Certain part of your population might have a less variability in height or IQ or something.
If you just concentrate on those types of people, make that population, then your
variances will be smaller. But that may not work for your experiment, so it kind of
depends what works. But usually you either lower the level of confidence or increase the
sample size in order to end up with a smaller confidence interval.
Slide 15
Here we use the example; the mean height of tenth graders to illustrate the effect
confidence level has on the size of the confidence interval. So we’re going to see how
changing your confidence will change the width of your confidence interval. At 90
percent confidence, the confidence interval is 62.5 to 65.5 inches, as we saw in a previous
slide. Often we use a margin of error to describe the size of a confidence interval. And
this margin of error is actually half the width of the interval. You can also think of your
margin of error is the Z value times the standard error. But since you are adding that,
you’re taking the Z value times the standard error and you’re adding that to your sample
means subtracting that to your sample means, then that value is half of your confidence
interval. So that‘s the value of margin of errors. So it’s kind of like two different words
to describing the same thing. At 90 percent confidence the margin of error is 1.5, at 95
percent confidence is 1.79, and at 99 percent confidence is 2.35. So you can see as the
margin of error is getting bigger the confidence interval is getting wider, as you want to
be more confident. Because as you have a larger interval you’re obviously going to be
able to contain more numbers in it and you’re going to be more confident that true mean
value is in that interval.
Slide 16
Here we use the example of the mean height tenth graders to illustrate the effect sample
size has on the size of the confidence interval. So for each example the confidence level
has been fixed at 90 percent. So we are 90 percent confident for each one, but how many
people, males do we have in our sample? As it increases, we see that the margin of error
decreased. So we see that for a sample size of 30, the margin of error is 1.5, and this
reduces to 1.1 with a sample size of 60 and, margin of error reduces to .8 with a sample
size of 100. So what you are seeing here is that if you can increase your sample size this
will reduce the width of your confidence interval. But also of course the trade off is, the
more sample size, the more costly is your experiment.
Slide 17
The first equation on the slide is the formula for the confidence interval. And Z times
sigma divided by the square root of n is the margin of error. If we call this value m and
solve for the sample size then we can determine the sample size needed to achieve a
particular margin of error.
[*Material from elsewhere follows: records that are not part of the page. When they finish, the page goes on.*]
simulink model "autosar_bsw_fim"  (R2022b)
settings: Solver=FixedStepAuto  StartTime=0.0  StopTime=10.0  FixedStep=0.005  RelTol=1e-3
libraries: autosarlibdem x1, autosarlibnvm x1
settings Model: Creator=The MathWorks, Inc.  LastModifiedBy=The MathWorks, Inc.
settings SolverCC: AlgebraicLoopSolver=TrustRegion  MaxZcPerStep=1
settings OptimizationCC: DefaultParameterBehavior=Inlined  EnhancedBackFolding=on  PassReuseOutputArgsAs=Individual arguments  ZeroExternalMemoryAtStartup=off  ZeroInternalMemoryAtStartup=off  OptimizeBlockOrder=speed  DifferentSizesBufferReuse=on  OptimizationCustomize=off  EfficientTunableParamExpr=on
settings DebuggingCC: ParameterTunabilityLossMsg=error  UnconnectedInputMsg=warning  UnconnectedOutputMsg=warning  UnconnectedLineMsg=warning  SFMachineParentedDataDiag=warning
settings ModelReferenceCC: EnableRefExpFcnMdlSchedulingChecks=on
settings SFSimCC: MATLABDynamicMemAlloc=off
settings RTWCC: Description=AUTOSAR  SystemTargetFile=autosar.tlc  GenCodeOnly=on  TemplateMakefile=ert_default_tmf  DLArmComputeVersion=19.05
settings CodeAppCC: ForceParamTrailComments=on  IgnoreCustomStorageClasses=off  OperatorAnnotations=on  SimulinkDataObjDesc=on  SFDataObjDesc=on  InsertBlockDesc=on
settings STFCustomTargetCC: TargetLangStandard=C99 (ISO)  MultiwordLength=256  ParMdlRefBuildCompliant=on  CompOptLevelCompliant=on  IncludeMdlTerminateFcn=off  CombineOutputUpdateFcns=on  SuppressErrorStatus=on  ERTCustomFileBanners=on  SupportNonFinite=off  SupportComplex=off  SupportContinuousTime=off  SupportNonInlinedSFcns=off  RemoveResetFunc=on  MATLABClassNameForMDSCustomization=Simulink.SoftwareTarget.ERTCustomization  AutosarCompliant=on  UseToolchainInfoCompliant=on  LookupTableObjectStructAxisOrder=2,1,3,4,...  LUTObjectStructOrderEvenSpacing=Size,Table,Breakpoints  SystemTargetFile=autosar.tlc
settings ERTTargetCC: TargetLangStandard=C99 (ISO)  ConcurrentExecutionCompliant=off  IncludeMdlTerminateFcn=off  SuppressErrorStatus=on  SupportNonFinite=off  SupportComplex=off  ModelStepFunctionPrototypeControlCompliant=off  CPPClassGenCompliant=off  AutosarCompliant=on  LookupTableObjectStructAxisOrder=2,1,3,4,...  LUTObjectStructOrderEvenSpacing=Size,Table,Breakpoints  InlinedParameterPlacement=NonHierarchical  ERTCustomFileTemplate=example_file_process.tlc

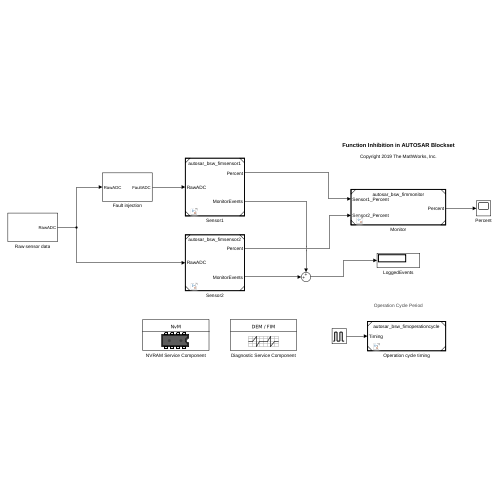
[thumbnail: Simulink's stored preview of the top-level diagram]
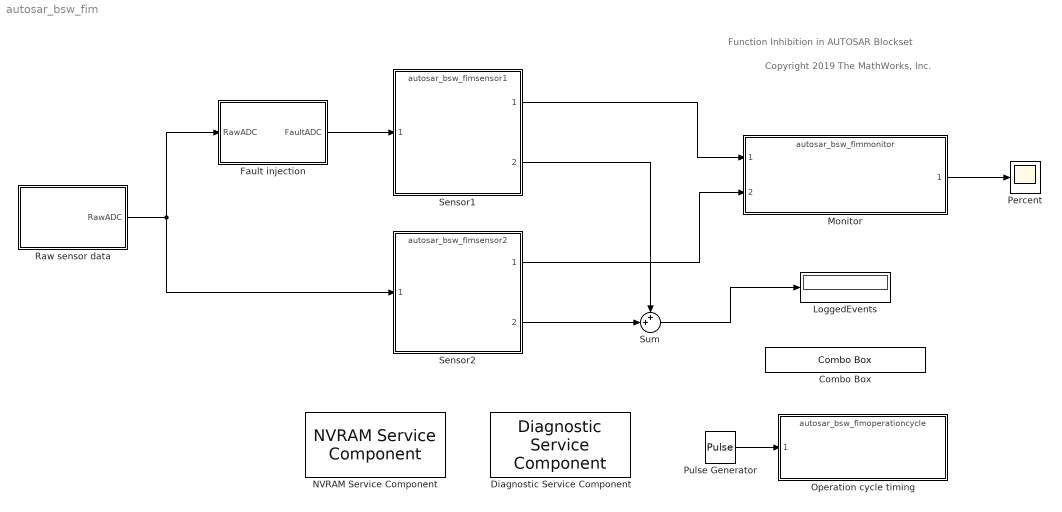
== system autosar_bsw_fim ==
  note: Copyright 2019 The MathWorks, Inc.
  note: Function Inhibition in AUTOSAR Blockset
  Combo Box : ComboBox  LabelPosition=Hide  SelectedLabel=0.1s
      settings: Values={{'0.1s', '0.3s', '0.5s', '0.8s'}, [0.1 0.3 0.5 0.8]}
      settings: AttributesFormatString=Operation Cycle Period
  Diagnostic Service Component : autosarlibdem/Diagnostic Service Component  ClientPortNames={'OperationCycle', 'S1StuckHigh', 'S1StuckLow', 'S2StuckHigh', 'S2StuckLow', 'Sensor1Valid', 'Sensor2Valid', 'TPS', 'TPSMonitor1', 'TPSMonitor2'}  ClientPortPortDefinedArguments={'1', '1', '2', '3', '4', '3', '4', '5', '1', '2'}  MaxEventId=5  MaxFID=4  DemDebounceCounterIncrementStepSize=1  DemDebounceCounterDecrementStepSize=1  DemDebounceCounterFailedThreshold=2  DemDebounceCounterPassedThreshold=-1  InhibitionMatrix=[0 0 0 0 0 0;3 3 0 0 0 0;0 0 3 3 0 0;1 1 0 0 0 0;0 0 1 1 0 0;0 0 0 0 0 0]  EnableConditionIndexes=zeros(257,'uint8')  StorageConditionIndexes=zeros(257,'uint8')
  Fault injection : Subsystem
  LoggedEvents : Display
  Monitor : ModelReference  ModelNameDialog=autosar_bsw_fimmonitor.slx  SimulationMode=Normal  ModelReferenceVersion=6.0
  NVRAM Service Component : autosarlibnvm/NVRAM Service Component  ClientPortNames={'S1LowSetPoint'}  ClientPortPortDefinedArguments={'1'}  MaxBlockId=10  NvInitValues={'0'}
  Operation cycle timing : ModelReference  ModelNameDialog=autosar_bsw_fimoperationcycle  SimulationMode=Normal  ModelReferenceVersion=6.0
  Percent : Scope
  Pulse Generator : DiscretePulseGenerator  PulseType=Time based  Period=0.1  PulseWidth=5  SampleTime=0.005
  Raw sensor data : Subsystem
  Sensor1 : ModelReference  ModelNameDialog=autosar_bsw_fimsensor1  SimulationMode=Normal  ModelReferenceVersion=6.0
  Sensor2 : ModelReference  ModelNameDialog=autosar_bsw_fimsensor2  SimulationMode=Normal  ModelReferenceVersion=6.0
  Sum : Sum  Inputs=++|
  wires:
  Raw sensor data/1(RawADC) -> Sensor2/1, Fault injection/1(RawADC)
  Monitor/1 -> Percent/1
  Sensor1/1 -> Monitor/1
  Sensor2/1 -> Monitor/2
  Fault injection/1(FaultADC) -> Sensor1/1
  Pulse Generator/1 -> Operation cycle timing/1
  Sensor1/2 -> Sum/1
  Sensor2/2 -> Sum/2
  Sum/1 -> LoggedEvents/1

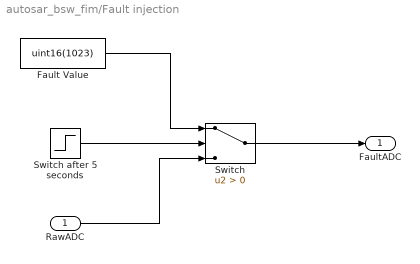
== system autosar_bsw_fim/Fault injection ==
  RawADC : Inport
  Fault Value : Constant  Value=uint16(1023)
  Switch : Switch  Criteria=u2 > Threshold  SaturateOnIntegerOverflow=off  InputSameDT=off
  Switch after 5 seconds : Step  Time=5  SampleTime=0
  FaultADC : Outport
  wires:
  RawADC/1 -> Switch/3
  Switch after 5 seconds/1 -> Switch/2
  Fault Value/1 -> Switch/1
  Switch/1 -> FaultADC/1

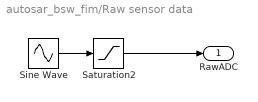
== system autosar_bsw_fim/Raw sensor data ==
  Saturation2 : Saturate  UpperLimit=1023  LowerLimit=0  LinearizeAsGain=off  ZeroCross=off  OutDataTypeStr=uint16
  Sine Wave : Sin  Amplitude=500  Frequency=3  SampleTime=0.005
  RawADC : Outport
  wires:
  Sine Wave/1 -> Saturation2/1
  Saturation2/1 -> RawADC/1
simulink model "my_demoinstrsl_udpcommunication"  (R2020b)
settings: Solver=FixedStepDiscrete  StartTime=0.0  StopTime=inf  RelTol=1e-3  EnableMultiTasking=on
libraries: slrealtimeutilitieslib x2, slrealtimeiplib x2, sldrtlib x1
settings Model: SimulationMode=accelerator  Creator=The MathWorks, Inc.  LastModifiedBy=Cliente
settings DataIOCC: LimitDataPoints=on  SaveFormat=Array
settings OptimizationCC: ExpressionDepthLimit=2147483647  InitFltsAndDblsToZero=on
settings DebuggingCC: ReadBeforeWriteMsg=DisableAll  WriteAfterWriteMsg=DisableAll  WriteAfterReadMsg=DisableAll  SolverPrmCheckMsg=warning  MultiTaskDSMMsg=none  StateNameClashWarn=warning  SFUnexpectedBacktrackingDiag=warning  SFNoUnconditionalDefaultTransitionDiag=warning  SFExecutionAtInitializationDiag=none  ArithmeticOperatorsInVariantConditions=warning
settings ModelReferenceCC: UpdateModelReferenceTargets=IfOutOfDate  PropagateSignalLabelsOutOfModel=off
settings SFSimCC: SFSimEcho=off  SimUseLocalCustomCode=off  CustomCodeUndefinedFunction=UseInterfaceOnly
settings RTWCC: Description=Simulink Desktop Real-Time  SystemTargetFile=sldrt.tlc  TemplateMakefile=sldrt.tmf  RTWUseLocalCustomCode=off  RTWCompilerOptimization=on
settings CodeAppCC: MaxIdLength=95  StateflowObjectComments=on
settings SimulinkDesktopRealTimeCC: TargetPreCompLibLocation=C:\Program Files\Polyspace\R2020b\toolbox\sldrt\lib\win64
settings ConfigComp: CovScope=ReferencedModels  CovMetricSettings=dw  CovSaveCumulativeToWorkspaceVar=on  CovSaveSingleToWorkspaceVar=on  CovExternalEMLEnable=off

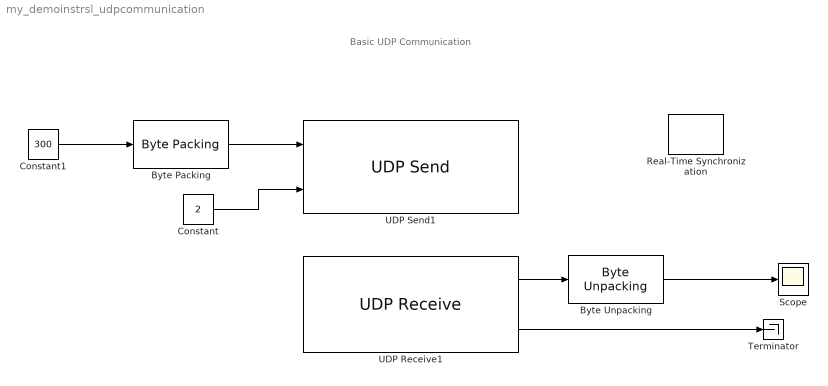
== system my_demoinstrsl_udpcommunication ==
  note: Basic UDP Communication
  Byte Packing : slrealtimeutilitieslib/Byte Packing  MaskPackedDataType=uint8  MaskUnpackedDataTypes={'int16'}  MaskAlignment=1
  Byte Unpacking : slrealtimeutilitieslib/Byte Unpacking  MaskUnpackedDataTypes={'uint8'}  MaskUnpackedDataSizes={[1]}  MaskAlignment=1
      settings: SourceProductBaseCode=XP
  Constant : Constant  Value=2
  Constant1 : Constant  Value=300  OutDataTypeStr=int16  SampleTime=1
  Real-Time Synchronization : sldrtlib/Real-Time Synchronization  SampleTime=0.005  MaxMissedTicks=10  ShowMissedTicks=off  YieldWhenWaiting=off
  Scope : Scope
  Terminator : Terminator
  UDP Receive1 : slrealtimeiplib/UDP Receive  useHostTargetConn=on  ipAddress=127.0.0.1  localPort=8080  rcvWidth=1  rcvFmAny=on  fmAddress=127.0.0.1  rcvMulticast=off  multicastAddress={}  sampleTime=2
      settings: SourceProductBaseCode=XP
  UDP Send1 : slrealtimeiplib/UDP Send  useHostTargetConn=on  ipAddress=127.0.0.1  localPort=8080  toAddress=127.0.0.1  toPort=8082  sampleTime=1
      settings: SourceProductBaseCode=XP
  wires:
  Constant/1 -> UDP Send1/2
  Byte Packing/1 -> UDP Send1/1
  UDP Receive1/1 -> Byte Unpacking/1
  UDP Receive1/2 -> Terminator/1
  Byte Unpacking/1 -> Scope/1
  Constant1/1 -> Byte Packing/1
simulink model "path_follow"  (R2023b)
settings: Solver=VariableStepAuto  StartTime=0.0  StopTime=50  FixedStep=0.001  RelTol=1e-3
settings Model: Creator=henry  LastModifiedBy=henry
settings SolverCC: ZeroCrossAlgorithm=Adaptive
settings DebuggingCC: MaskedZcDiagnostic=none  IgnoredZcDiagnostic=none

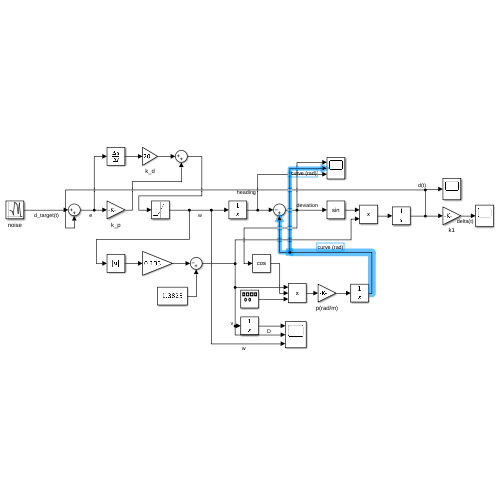
[thumbnail: Simulink's stored preview of the top-level diagram]
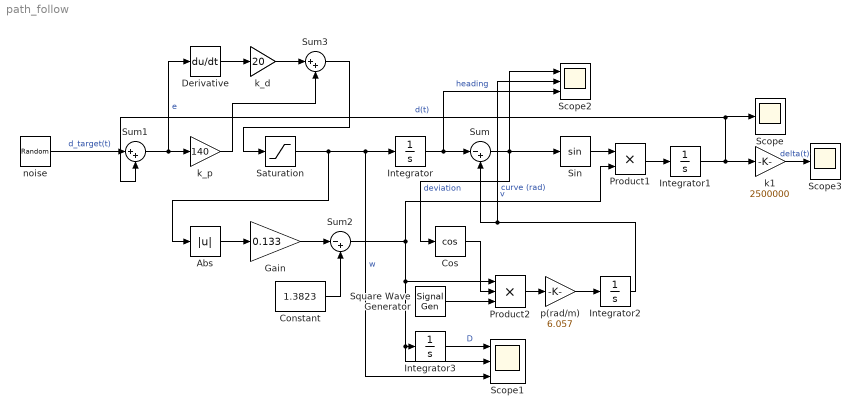
== system path_follow ==
  Abs : Abs  SaturateOnIntegerOverflow=off
  Constant : Constant  Value=1.3823
  Cos : Trigonometry  Operator=cos
  Derivative : Derivative
  Gain : Gain  Gain=0.133
  Integrator{,1..3} (4 alike) : Integrator
  Product1 : Product
  Product2 : Product  Inputs=3
  Saturation : Saturate  UpperLimit=10.3932  LowerLimit=-10.3932
  Scope : Scope
  Scope1 : Scope  NumInputPorts=3
  Scope2 : Scope  NumInputPorts=3
  Scope3 : Scope
  Sin : Trigonometry
  Square Wave Generator : SignalGenerator  WaveForm=square  Frequency=1/10
  Sum : Sum  Inputs=|-+
  Sum1 : Sum  Inputs=|++
  Sum2 : Sum  Inputs=|-+
  Sum3 : Sum  Inputs=|++
  k1 : Gain  Gain=2500000
  k_d : Gain  Gain=20
  k_p : Gain  Gain=140
  "noise " : RandomNumber  Variance=0.001  SampleTime=0.001
  p(rad/m) : Gain  Gain=6.057
  wires:
  "noise "/1 -> Sum1/1  "d_target(t)"
  Abs/1 -> Gain/1
  Gain/1 -> Sum2/1
  Integrator/1 -> Scope2/3, Sum/1  "heading"
  Integrator1/1 -> Scope/1, Sum1/2, k1/1  "d(t)"
  Saturation/1 -> Integrator/1, Scope1/3, Abs/1  "w"
  Constant/1 -> Sum2/2
  Sum2/1 -> Integrator3/1, Scope1/2, Product2/1, Product1/2  "v"
  Sum1/1 -> Derivative/1, k_p/1  "e"
  Sum/1 -> Cos/1, Scope2/1, Sin/1  "deviation"
  Sin/1 -> Product1/1
  Product1/1 -> Integrator1/1
  Integrator2/1 -> Scope2/2, Sum/2  "curve (rad)"
  Product2/1 -> p(rad/m)/1
  p(rad/m)/1 -> Integrator2/1
  Square Wave Generator/1 -> Product2/3
  Integrator3/1 -> Scope1/1  "D"
  Cos/1 -> Product2/2
  Sum3/1 -> Saturation/1
  k_d/1 -> Sum3/1
  k_p/1 -> Sum3/2
  Derivative/1 -> k_d/1
  k1/1 -> Scope3/1  "delta(t)"

So the bottom equation here is the formula for the sample size
and will be illustrated with the example in the next slide. But basically we are saying if
we state what the margin of error is, then we can determine what size of sample we need
to collect to be able to have that size of margin of error.
Slide 18
Let’s return to the problem of estimating the diastolic blood pressure. We know the
population standard deviation is 50 millimeters of mercury. Suppose we would like to
estimate the mean with the margin of error 5 with a 95 percent confidence. To determine
the sample size, we use a sample size formula. The answer is 383 once we plug all the
numbers in. But it is 383 in some fractional part. Since we cannot sample fractional part
we are going to round the number up to 384. So we need a sample size of 384 to be able
to estimate our population mean of the margin of error of 5.
Slide 19
Now you can take the quiz to check your understanding of this material, and this
concludes the tutorial for unit 6 of lesson 1.